## EXERCISE DESCRIPTION
The answer is to be the lines of the material from its start through the line containing "#1=APPLICATION_CONTEXT('core data for", each copied exactly; no pictures.

## TASK INPUT
▼

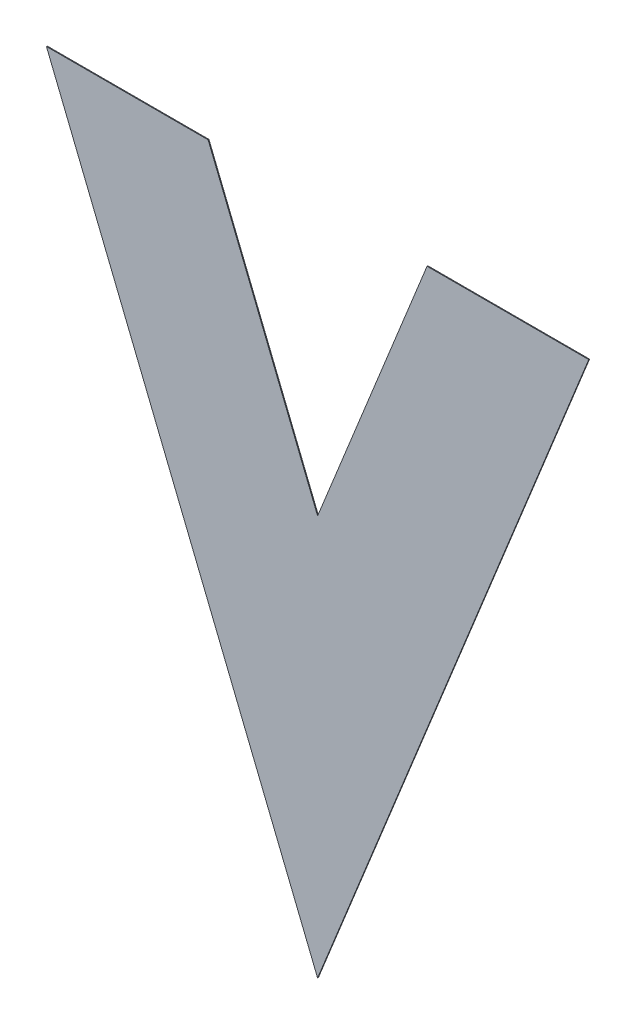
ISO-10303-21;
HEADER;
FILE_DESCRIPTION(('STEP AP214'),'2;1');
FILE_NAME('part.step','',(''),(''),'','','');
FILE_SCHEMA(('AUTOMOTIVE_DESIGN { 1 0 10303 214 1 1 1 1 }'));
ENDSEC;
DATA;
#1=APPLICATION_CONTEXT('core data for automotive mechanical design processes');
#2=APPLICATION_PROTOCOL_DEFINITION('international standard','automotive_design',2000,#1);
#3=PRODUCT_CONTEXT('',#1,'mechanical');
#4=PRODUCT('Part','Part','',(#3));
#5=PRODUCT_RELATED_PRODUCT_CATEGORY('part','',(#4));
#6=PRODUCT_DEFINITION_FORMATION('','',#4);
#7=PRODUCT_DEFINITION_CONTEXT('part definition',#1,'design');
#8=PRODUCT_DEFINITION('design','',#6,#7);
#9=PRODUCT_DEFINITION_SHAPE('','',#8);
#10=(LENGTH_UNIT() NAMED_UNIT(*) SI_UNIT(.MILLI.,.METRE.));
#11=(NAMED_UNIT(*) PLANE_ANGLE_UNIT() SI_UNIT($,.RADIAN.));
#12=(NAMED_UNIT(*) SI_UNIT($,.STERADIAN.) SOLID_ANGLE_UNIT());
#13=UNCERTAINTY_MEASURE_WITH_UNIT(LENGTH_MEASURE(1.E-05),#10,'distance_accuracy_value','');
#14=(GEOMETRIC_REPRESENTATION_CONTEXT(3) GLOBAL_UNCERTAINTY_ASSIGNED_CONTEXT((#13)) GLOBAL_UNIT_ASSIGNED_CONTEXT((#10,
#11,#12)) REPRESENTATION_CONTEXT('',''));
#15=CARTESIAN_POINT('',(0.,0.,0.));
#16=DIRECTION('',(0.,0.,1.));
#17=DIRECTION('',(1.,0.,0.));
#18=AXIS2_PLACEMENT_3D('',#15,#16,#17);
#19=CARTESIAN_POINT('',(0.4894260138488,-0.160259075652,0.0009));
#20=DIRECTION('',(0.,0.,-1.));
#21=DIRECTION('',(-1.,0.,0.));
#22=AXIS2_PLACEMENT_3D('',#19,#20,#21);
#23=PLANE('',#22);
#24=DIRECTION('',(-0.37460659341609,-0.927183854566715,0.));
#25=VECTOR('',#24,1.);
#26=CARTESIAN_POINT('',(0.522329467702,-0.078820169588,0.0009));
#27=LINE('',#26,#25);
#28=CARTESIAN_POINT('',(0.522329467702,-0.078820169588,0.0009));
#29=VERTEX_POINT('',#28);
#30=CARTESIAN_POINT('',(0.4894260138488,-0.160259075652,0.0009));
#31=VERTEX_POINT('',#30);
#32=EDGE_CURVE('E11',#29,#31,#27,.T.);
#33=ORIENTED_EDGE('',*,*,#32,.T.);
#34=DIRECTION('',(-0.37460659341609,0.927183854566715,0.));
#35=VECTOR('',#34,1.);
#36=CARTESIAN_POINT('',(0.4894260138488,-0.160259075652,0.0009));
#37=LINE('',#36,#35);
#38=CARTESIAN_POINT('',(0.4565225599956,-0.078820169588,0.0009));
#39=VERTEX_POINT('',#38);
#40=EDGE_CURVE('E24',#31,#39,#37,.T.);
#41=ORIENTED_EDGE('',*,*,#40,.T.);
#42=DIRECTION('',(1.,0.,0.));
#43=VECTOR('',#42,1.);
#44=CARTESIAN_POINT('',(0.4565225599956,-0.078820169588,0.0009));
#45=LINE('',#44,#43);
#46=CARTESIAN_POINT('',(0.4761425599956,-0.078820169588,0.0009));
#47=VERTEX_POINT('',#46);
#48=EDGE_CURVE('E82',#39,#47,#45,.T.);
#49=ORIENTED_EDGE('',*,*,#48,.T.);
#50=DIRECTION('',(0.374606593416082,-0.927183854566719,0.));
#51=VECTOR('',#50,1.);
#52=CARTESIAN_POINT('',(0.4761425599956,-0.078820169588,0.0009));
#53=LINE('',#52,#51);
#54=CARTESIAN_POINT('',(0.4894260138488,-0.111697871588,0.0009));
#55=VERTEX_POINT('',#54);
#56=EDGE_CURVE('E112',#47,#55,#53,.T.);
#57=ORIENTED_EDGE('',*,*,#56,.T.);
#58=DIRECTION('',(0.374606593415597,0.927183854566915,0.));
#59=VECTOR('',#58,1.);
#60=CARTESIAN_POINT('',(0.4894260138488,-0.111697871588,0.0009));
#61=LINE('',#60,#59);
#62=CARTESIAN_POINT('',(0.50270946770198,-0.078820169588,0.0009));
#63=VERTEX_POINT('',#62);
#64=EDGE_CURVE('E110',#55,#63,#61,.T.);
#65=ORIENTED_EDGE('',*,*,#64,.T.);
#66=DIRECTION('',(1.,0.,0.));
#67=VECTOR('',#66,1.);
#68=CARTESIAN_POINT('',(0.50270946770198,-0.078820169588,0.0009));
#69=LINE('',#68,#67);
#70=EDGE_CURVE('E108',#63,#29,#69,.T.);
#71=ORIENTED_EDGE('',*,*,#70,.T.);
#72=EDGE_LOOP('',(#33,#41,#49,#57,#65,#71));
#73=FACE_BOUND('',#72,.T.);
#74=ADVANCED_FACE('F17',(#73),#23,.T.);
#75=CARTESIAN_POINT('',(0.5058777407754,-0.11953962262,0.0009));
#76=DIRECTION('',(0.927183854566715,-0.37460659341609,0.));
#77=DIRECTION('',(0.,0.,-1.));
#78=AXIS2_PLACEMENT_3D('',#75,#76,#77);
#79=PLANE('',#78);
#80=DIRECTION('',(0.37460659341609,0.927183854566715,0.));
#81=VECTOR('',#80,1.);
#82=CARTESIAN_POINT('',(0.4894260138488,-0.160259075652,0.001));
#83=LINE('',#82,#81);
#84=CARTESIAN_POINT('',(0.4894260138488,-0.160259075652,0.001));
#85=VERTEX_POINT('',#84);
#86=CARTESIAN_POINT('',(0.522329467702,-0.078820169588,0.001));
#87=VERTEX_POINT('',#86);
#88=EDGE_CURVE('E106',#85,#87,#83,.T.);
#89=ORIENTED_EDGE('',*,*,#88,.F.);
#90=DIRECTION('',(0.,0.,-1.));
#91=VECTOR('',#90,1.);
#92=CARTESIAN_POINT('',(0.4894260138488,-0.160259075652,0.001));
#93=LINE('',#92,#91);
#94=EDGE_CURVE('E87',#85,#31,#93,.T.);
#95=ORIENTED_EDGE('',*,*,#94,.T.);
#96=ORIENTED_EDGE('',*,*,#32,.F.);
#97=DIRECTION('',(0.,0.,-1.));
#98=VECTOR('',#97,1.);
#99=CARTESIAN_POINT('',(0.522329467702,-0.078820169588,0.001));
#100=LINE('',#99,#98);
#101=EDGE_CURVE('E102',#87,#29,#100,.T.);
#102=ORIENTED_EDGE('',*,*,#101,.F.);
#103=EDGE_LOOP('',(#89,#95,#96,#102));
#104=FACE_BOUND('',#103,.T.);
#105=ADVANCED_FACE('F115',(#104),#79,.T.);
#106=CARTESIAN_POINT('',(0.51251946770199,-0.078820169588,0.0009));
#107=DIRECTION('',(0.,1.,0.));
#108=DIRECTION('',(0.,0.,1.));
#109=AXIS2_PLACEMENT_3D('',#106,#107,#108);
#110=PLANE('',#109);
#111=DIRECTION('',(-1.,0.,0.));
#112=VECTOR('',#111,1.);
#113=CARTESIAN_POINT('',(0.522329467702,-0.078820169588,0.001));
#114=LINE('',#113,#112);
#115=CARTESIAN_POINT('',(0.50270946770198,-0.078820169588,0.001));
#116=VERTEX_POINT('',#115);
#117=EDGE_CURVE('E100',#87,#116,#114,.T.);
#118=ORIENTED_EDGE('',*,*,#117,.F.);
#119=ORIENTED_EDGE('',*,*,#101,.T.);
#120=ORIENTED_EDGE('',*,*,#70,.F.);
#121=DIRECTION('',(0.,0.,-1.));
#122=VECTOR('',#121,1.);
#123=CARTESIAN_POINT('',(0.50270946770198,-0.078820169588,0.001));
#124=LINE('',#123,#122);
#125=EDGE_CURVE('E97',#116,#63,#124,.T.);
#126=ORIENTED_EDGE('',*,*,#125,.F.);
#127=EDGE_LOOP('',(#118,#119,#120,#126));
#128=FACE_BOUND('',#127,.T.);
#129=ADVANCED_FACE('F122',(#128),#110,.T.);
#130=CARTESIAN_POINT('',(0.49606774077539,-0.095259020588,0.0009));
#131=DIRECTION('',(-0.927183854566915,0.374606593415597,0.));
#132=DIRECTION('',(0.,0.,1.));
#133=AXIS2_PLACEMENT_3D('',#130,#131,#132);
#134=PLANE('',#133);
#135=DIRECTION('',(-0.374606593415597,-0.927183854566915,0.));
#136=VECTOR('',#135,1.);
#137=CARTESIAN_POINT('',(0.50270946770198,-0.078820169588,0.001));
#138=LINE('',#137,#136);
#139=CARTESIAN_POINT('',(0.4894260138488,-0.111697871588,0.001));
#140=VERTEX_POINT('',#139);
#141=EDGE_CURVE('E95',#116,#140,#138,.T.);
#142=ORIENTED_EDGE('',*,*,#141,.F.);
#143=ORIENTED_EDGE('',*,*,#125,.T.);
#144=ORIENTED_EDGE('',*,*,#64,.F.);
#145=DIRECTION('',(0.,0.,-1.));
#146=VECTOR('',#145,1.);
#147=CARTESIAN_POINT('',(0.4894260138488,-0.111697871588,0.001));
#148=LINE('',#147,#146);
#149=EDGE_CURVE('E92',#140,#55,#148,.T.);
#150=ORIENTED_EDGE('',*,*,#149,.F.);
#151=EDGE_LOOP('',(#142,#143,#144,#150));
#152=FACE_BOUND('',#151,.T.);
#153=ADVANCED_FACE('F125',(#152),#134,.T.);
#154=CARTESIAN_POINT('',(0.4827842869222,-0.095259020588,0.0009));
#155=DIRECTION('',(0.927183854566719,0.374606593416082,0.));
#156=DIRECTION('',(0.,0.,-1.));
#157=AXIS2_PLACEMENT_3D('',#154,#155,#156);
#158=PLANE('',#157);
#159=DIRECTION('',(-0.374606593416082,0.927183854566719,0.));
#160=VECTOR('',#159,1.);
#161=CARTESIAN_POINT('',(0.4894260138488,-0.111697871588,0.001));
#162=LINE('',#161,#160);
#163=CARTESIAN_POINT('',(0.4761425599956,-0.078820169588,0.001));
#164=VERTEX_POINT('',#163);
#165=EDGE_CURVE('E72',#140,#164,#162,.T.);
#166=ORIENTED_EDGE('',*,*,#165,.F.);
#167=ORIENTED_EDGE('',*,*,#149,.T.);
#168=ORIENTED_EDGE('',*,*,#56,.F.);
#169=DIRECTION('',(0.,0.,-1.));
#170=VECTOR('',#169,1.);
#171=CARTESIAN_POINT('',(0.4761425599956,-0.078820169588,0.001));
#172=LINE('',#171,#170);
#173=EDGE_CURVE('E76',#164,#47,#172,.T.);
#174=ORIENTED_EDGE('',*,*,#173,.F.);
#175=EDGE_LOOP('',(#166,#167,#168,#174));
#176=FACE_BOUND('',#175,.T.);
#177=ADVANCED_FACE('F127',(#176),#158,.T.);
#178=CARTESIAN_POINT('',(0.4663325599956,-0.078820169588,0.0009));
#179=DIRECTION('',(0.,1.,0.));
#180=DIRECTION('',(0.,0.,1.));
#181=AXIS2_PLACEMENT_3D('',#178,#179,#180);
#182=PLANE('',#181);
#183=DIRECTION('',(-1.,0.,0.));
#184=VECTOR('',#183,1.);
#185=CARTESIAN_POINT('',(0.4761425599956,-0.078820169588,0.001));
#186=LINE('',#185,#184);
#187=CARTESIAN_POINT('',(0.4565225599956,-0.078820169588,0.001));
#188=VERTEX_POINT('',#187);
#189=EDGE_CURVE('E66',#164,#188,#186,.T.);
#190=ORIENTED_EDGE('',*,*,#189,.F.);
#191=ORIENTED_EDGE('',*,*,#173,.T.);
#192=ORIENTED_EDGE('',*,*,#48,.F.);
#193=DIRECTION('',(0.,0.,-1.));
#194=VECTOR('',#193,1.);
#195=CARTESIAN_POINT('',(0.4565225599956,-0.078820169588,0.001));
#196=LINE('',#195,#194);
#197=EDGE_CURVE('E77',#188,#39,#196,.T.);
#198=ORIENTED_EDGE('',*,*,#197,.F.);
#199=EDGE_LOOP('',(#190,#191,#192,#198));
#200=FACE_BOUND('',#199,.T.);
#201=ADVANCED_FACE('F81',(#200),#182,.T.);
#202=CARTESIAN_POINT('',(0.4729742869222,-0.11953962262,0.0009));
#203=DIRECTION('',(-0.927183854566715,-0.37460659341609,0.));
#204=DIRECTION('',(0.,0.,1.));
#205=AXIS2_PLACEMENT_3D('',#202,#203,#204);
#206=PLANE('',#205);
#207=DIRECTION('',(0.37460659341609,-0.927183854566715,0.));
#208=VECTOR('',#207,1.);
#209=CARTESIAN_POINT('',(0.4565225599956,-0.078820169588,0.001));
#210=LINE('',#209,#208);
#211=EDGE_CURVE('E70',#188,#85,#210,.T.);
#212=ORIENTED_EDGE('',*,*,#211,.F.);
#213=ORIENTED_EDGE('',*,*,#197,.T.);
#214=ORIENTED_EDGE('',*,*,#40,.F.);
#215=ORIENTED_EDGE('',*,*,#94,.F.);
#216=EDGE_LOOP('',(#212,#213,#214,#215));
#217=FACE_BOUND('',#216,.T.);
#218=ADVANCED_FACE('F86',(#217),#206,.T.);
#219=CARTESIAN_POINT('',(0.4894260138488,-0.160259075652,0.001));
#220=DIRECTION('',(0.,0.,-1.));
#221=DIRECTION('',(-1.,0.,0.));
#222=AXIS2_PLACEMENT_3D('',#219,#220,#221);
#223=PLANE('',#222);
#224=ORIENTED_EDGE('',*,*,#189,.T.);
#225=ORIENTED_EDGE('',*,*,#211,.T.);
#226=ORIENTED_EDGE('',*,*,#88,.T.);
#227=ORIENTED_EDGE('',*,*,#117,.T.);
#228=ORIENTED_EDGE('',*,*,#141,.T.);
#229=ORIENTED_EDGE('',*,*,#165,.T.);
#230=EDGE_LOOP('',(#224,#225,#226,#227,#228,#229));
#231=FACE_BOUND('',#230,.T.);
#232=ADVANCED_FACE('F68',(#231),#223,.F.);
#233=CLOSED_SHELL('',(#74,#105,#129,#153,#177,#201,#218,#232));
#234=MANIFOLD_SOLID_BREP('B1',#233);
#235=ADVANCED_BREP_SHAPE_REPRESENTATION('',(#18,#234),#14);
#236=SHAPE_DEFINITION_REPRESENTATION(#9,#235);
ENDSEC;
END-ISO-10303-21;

▲

## EXERCISE ANSWER
ISO-10303-21;
HEADER;
FILE_DESCRIPTION(('STEP AP214'),'2;1');
FILE_NAME('part.step','',(''),(''),'','','');
FILE_SCHEMA(('AUTOMOTIVE_DESIGN { 1 0 10303 214 1 1 1 1 }'));
ENDSEC;
DATA;
#1=APPLICATION_CONTEXT('core data for automotive mechanical design processes');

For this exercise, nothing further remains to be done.